# Home Haunt Ambient Music



## Johnny Thunder (Oct 7, 2004)

These are great tracks!!! Good work with these - I really think they turned out great. Thanks for sharing with us.

As for the foam, maybe post the question in the prop area? 

Again - great job. I can't wait to use this for TOT this year.


----------



## lonerogue2 (Sep 30, 2008)

*Thanks*

Thunder,

Glad you liked them  im in the process of making a second CD. That was my first attempt at mixing, so im hoping to get better as time goes on. Anyways thanks for the kind words.


----------



## meltdown211 (Sep 27, 2006)

Honestly, these are Really, really good! I am very impressed at how you blended these sounds and created a great soundtrack! I am planning on using a couple of these in my haunt!

Thanks!


----------



## Chiller (Apr 3, 2007)

Very excellent!


----------



## lonerogue2 (Sep 30, 2008)

If anyone here is good with say Fruity Loops or Sony Acid for creating percussions, I would love to collaborate on my Next CD to take it to the next level. Looking for spooky percussion or even some good strings mixed with the ambient horror... If anyone is interested let me know  thanks


----------



## 69ProCuda (Sep 19, 2008)

Nice!!!!!!!!


----------



## maui (Oct 15, 2008)

excellent, thanks!!!


----------



## Mr.
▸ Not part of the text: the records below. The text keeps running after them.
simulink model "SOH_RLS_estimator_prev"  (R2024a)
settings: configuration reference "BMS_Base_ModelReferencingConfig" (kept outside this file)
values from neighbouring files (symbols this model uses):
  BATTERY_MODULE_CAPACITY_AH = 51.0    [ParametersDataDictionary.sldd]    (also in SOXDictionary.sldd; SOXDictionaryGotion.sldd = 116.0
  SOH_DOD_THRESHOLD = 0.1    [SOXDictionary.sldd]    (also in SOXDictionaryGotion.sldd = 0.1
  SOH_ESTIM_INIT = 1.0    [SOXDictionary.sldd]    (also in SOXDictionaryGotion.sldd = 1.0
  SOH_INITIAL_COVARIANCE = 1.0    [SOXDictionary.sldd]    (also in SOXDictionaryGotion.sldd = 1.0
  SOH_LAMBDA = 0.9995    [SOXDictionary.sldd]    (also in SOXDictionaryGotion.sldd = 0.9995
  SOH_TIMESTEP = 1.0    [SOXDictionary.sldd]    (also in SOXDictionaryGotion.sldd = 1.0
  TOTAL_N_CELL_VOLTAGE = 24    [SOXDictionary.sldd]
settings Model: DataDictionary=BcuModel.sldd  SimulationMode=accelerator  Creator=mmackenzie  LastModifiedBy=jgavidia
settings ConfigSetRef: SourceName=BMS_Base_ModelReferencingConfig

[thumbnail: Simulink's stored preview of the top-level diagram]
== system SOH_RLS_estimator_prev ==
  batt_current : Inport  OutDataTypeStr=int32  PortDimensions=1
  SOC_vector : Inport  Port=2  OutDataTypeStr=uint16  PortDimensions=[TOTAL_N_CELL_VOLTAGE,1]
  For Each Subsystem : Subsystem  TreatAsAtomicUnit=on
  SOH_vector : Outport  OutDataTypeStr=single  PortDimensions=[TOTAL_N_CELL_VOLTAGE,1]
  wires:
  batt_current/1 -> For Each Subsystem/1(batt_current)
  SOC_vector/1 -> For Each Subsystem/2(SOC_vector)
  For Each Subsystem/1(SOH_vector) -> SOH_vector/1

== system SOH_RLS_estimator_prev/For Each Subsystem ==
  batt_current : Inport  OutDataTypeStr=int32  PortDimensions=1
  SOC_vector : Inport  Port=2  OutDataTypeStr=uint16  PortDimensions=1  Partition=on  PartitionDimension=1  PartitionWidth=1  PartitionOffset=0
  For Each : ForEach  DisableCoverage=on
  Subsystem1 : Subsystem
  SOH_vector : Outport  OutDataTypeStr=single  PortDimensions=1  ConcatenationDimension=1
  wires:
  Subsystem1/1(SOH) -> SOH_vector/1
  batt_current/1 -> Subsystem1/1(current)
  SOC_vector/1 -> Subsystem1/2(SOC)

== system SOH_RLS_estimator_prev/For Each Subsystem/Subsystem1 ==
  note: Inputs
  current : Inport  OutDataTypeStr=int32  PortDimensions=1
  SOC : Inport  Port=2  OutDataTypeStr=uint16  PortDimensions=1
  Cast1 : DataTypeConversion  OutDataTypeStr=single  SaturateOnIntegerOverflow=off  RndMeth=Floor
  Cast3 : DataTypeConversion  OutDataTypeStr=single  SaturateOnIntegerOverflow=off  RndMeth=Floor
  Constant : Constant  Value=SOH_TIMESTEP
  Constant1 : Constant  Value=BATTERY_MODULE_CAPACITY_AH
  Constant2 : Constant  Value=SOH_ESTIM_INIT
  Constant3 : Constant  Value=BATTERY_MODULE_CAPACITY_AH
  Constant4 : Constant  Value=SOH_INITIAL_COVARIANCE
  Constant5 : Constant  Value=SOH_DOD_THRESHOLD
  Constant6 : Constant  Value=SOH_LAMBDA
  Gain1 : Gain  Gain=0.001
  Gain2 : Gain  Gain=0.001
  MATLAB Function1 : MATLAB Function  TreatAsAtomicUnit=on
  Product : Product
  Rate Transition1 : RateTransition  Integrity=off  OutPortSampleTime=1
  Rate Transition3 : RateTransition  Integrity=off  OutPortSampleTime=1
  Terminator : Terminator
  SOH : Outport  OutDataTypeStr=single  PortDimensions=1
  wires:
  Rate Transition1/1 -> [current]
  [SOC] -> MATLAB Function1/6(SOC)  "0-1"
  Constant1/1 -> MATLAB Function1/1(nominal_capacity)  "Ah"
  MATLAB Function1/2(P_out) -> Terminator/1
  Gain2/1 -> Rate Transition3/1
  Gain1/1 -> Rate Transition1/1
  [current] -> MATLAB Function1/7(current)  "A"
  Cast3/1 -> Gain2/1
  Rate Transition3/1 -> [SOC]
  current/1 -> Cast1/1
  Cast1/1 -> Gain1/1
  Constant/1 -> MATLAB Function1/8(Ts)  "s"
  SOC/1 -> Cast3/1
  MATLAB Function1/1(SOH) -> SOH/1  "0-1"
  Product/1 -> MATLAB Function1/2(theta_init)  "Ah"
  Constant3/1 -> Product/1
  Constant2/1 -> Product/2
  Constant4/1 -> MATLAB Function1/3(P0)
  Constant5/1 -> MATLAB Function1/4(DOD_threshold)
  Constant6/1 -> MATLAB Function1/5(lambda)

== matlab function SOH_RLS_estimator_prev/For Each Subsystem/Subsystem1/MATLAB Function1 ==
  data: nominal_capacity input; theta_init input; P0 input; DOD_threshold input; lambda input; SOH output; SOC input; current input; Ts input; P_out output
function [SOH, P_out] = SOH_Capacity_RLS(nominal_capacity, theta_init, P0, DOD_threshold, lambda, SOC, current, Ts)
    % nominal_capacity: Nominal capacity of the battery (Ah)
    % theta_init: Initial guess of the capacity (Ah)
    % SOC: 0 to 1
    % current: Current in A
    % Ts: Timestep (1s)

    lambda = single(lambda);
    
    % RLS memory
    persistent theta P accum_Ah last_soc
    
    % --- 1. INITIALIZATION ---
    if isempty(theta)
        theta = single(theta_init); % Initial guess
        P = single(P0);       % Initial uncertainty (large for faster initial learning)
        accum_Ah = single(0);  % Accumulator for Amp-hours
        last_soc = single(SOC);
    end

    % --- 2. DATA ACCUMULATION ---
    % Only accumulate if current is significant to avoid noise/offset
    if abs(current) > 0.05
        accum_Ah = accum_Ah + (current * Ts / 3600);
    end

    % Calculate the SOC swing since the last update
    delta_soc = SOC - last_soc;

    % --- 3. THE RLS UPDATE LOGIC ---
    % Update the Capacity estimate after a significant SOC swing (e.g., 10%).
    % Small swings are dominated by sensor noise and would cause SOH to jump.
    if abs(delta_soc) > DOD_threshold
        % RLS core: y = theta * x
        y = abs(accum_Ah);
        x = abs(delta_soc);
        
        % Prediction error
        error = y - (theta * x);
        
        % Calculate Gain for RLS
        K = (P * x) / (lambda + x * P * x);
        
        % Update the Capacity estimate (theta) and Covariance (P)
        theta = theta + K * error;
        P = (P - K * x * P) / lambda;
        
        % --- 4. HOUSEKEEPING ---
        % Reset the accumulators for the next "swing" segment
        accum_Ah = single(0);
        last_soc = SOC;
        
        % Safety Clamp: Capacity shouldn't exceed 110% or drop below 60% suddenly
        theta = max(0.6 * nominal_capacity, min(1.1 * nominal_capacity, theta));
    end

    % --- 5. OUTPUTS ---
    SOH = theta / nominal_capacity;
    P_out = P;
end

Halloween (Oct 7, 2007)

sweeeeeeeeeeeeeeeet!!!


----------



## Eric Monster (Oct 16, 2008)

*Nice Ambient Sounds*

Thanks for sharing with us.


----------



## jrzmac (May 28, 2004)

These are great. Just the type of stuff i like in the haunt. Nice and creepy........


----------



## Bohica (Oct 18, 2008)

Awesome, thanks!


----------